------ SOURCE INFORMATION ------
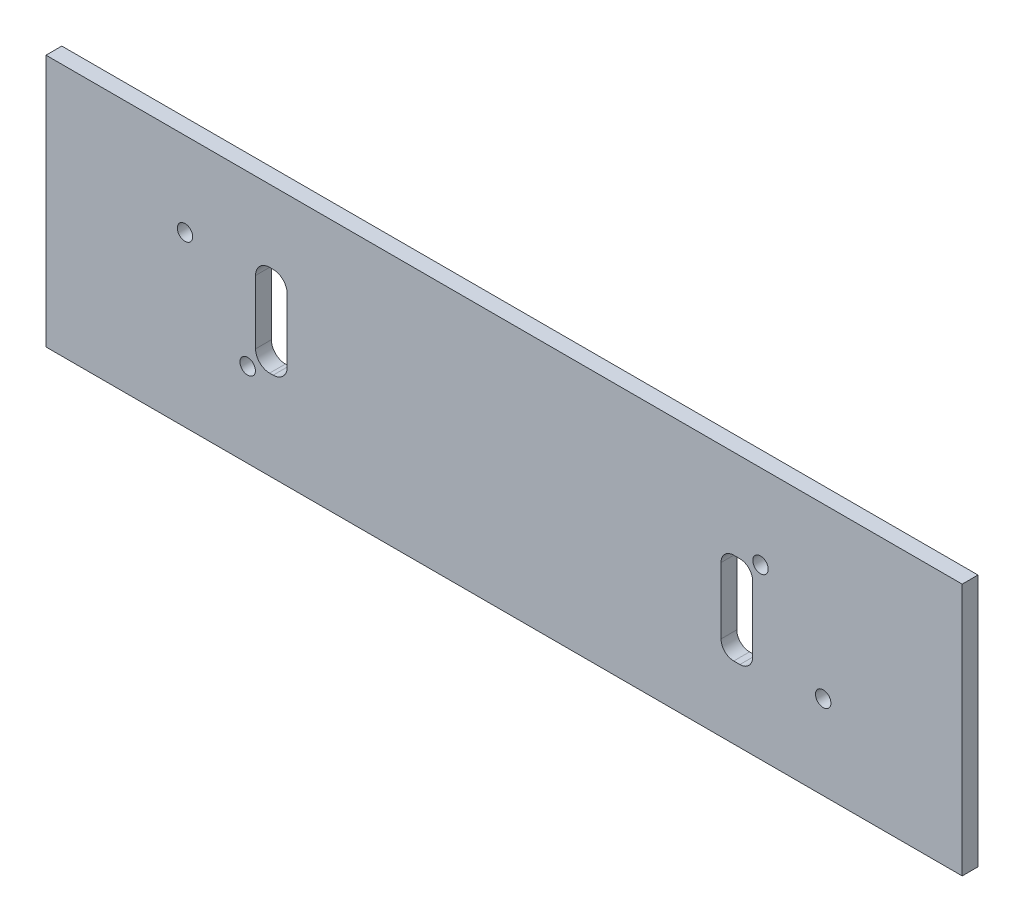
SolidWorks part; units mm, degrees
ref_plane "Front Plane" through (0, 0, 0) normal (0, 0, 1) x (1, 0, 0)
ref_plane "Top Plane" through (0, 0, 0) normal (0, 1, 0) x (1, 0, 0)
ref_plane "Right Plane" through (0, 0, 0) normal (1, 0, 0) x (0, 0, -1)
sketch "Sketch2" plane through (0, 0, 0) normal (0, 0, 1) x (1, 0, 0)
  line L1 (-92.075, -25.4) -> (92.075, -25.4)
  line L2 (-92.075, -25.4) -> (-92.075, 25.4)
  line L3 (-92.075, 25.4) -> (92.075, 25.4)
  line L4 (92.075, -25.4) -> (92.075, 25.4)
  line L5 (-92.075, -25.4) -> (92.075, 25.4) construction
  line L6 (-92.075, 25.4) -> (92.075, -25.4) construction
  point P0 (0, 0)
  dimension "D1" = 184.15
  dimension "D2" = 50.8
extrude "Boss-Extrude1" add sketch "Sketch2" along normal mid plane 3.175
sketch "Sketch3" plane through (0, 0, -1.5875) normal (0, 0, -1) x (-1, 0, 0)
  line L0 (-47.975, 5.89) -> (-47.975, -9.35) construction
  line L1 (-47.975, -1.73) -> (-45.575, -1.73) construction
  line L2 (-46.775, -11.05) -> (-46.775, 11.05) construction
  line L3 (-46.1593, -10.9375) -> (-47.3907, -10.9375)
  line L4 (-43.6, -8.3782) -> (-43.6, 4.9182)
  line L5 (-46.1593, 7.4775) -> (-47.3907, 7.4775)
  line L6 (-49.95, -8.3782) -> (-49.95, 4.9182)
  line L7 (-43.6, -10.9375) -> (-49.95, 7.4775) construction
  line L8 (-43.6, 7.4775) -> (-49.95, -10.9375) construction
  line L9 (47.975, 9.35) -> (47.975, -5.89) construction
  line L10 (47.975, 1.73) -> (43.6, 1.73) construction
  line L11 (46.775, 11.05) -> (46.775, -11.05) construction
  line L12 (46.4193, -7.4775) -> (47.1307, -7.4775)
  line L13 (43.6, -4.6582) -> (43.6, 8.1182)
  line L14 (46.4193, 10.9375) -> (47.1307, 10.9375)
  line L15 (49.95, -4.6582) -> (49.95, 8.1182)
  line L16 (43.6, -7.4775) -> (49.95, 10.9375) construction
  line L17 (43.6, 10.9375) -> (49.95, -7.4775) construction
  circle A0 centre (-51.535, 8.49) radius 1.55
  circle A1 centre (-64.135, -8.51) radius 1.55
  circle A2 centre (64.135, 8.51) radius 1.55
  circle A3 centre (51.535, -8.49) radius 1.55
  arc A4 (-47.3907, -10.9375) -> (-49.95, -8.3782) centre (-47.3907, -8.3782) cw
  arc A5 (-46.1593, -10.9375) -> (-43.6, -8.3782) centre (-46.1593, -8.3782) ccw
  arc A6 (-46.1593, 7.4775) -> (-43.6, 4.9182) centre (-46.1593, 4.9182) cw
  arc A7 (-47.3907, 7.4775) -> (-49.95, 4.9182) centre (-47.3907, 4.9182) ccw
  arc A9 (46.4193, -7.4775) -> (43.6, -4.6582) centre (46.4193, -4.6582) cw
  arc A10 (47.1307, -7.4775) -> (49.95, -4.6582) centre (47.1307, -4.6582) ccw
  arc A11 (47.1307, 10.9375) -> (49.95, 8.1182) centre (47.1307, 8.1182) cw
  arc A12 (46.4193, 10.9375) -> (43.6, 8.1182) centre (46.4193, 8.1182) ccw
  point P18 (-46.775, -1.73)
  point P43 (46.775, 1.73)
  point P61 (46.775, 1.73)
  point P64 (43.6, 1.73)
  dimension "D1" = 3.1
  dimension "D4" = 2.5593
  dimension "D7" = 2.8193
  dimension "D2" = 6.35
  dimension "D3" = 18.415
  dimension "D5" = 6.35
  dimension "D6" = 18.415
extrude "Cut-Extrude1" cut sketch "Sketch3" against normal blind 5.08
------
The data shown above must be printed again exactly, with no images included.

§ **SOLUTION TO THE EXERCISE**:
SolidWorks part; units mm, degrees
ref_plane "Front Plane" through (0, 0, 0) normal (0, 0, 1) x (1, 0, 0)
ref_plane "Top Plane" through (0, 0, 0) normal (0, 1, 0) x (1, 0, 0)
ref_plane "Right Plane" through (0, 0, 0) normal (1, 0, 0) x (0, 0, -1)
sketch "Sketch2" plane through (0, 0, 0) normal (0, 0, 1) x (1, 0, 0)
  line L1 (-92.075, -25.4) -> (92.075, -25.4)
  line L2 (-92.075, -25.4) -> (-92.075, 25.4)
  line L3 (-92.075, 25.4) -> (92.075, 25.4)
  line L4 (92.075, -25.4) -> (92.075, 25.4)
  line L5 (-92.075, -25.4) -> (92.075, 25.4) construction
  line L6 (-92.075, 25.4) -> (92.075, -25.4) construction
  point P0 (0, 0)
  dimension "D1" = 184.15
  dimension "D2" = 50.8
extrude "Boss-Extrude1" add sketch "Sketch2" along normal mid plane 3.175
sketch "Sketch3" plane through (0, 0, -1.5875) normal (0, 0, -1) x (-1, 0, 0)
  line L0 (-47.975, 5.89) -> (-47.975, -9.35) construction
  line L1 (-47.975, -1.73) -> (-45.575, -1.73) construction
  line L2 (-46.775, -11.05) -> (-46.775, 11.05) construction
  line L3 (-46.1593, -10.9375) -> (-47.3907, -10.9375)
  line L4 (-43.6, -8.3782) -> (-43.6, 4.9182)
  line L5 (-46.1593, 7.4775) -> (-47.3907, 7.4775)
  line L6 (-49.95, -8.3782) -> (-49.95, 4.9182)
  line L7 (-43.6, -10.9375) -> (-49.95, 7.4775) construction
  line L8 (-43.6, 7.4775) -> (-49.95, -10.9375) construction
  line L9 (47.975, 9.35) -> (47.975, -5.89) construction
  line L10 (47.975, 1.73) -> (43.6, 1.73) construction
  line L11 (46.775, 11.05) -> (46.775, -11.05) construction
  line L12 (46.4193, -7.4775) -> (47.1307, -7.4775)
  line L13 (43.6, -4.6582) -> (43.6, 8.1182)
  line L14 (46.4193, 10.9375) -> (47.1307, 10.9375)
  line L15 (49.95, -4.6582) -> (49.95, 8.1182)
  line L16 (43.6, -7.4775) -> (49.95, 10.9375) construction
  line L17 (43.6, 10.9375) -> (49.95, -7.4775) construction
  circle A0 centre (-51.535, 8.49) radius 1.55
  circle A1 centre (-64.135, -8.51) radius 1.55
  circle A2 centre (64.135, 8.51) radius 1.55
  circle A3 centre (51.535, -8.49) radius 1.55
  arc A4 (-47.3907, -10.9375) -> (-49.95, -8.3782) centre (-47.3907, -8.3782) cw
  arc A5 (-46.1593, -10.9375) -> (-43.6, -8.3782) centre (-46.1593, -8.3782) ccw
  arc A6 (-46.1593, 7.4775) -> (-43.6, 4.9182) centre (-46.1593, 4.9182) cw
  arc A7 (-47.3907, 7.4775) -> (-49.95, 4.9182) centre (-47.3907, 4.9182) ccw
  arc A9 (46.4193, -7.4775) -> (43.6, -4.6582) centre (46.4193, -4.6582) cw
  arc A10 (47.1307, -7.4775) -> (49.95, -4.6582) centre (47.1307, -4.6582) ccw
  arc A11 (47.1307, 10.9375) -> (49.95, 8.1182) centre (47.1307, 8.1182) cw
  arc A12 (46.4193, 10.9375) -> (43.6, 8.1182) centre (46.4193, 8.1182) ccw
  point P18 (-46.775, -1.73)
  point P43 (46.775, 1.73)
  point P61 (46.775, 1.73)
  point P64 (43.6, 1.73)
  dimension "D1" = 3.1
  dimension "D4" = 2.5593
  dimension "D7" = 2.8193
  dimension "D2" = 6.35
  dimension "D3" = 18.415
  dimension "D5" = 6.35
  dimension "D6" = 18.415
extrude "Cut-Extrude1" cut sketch "Sketch3" against normal blind 5.08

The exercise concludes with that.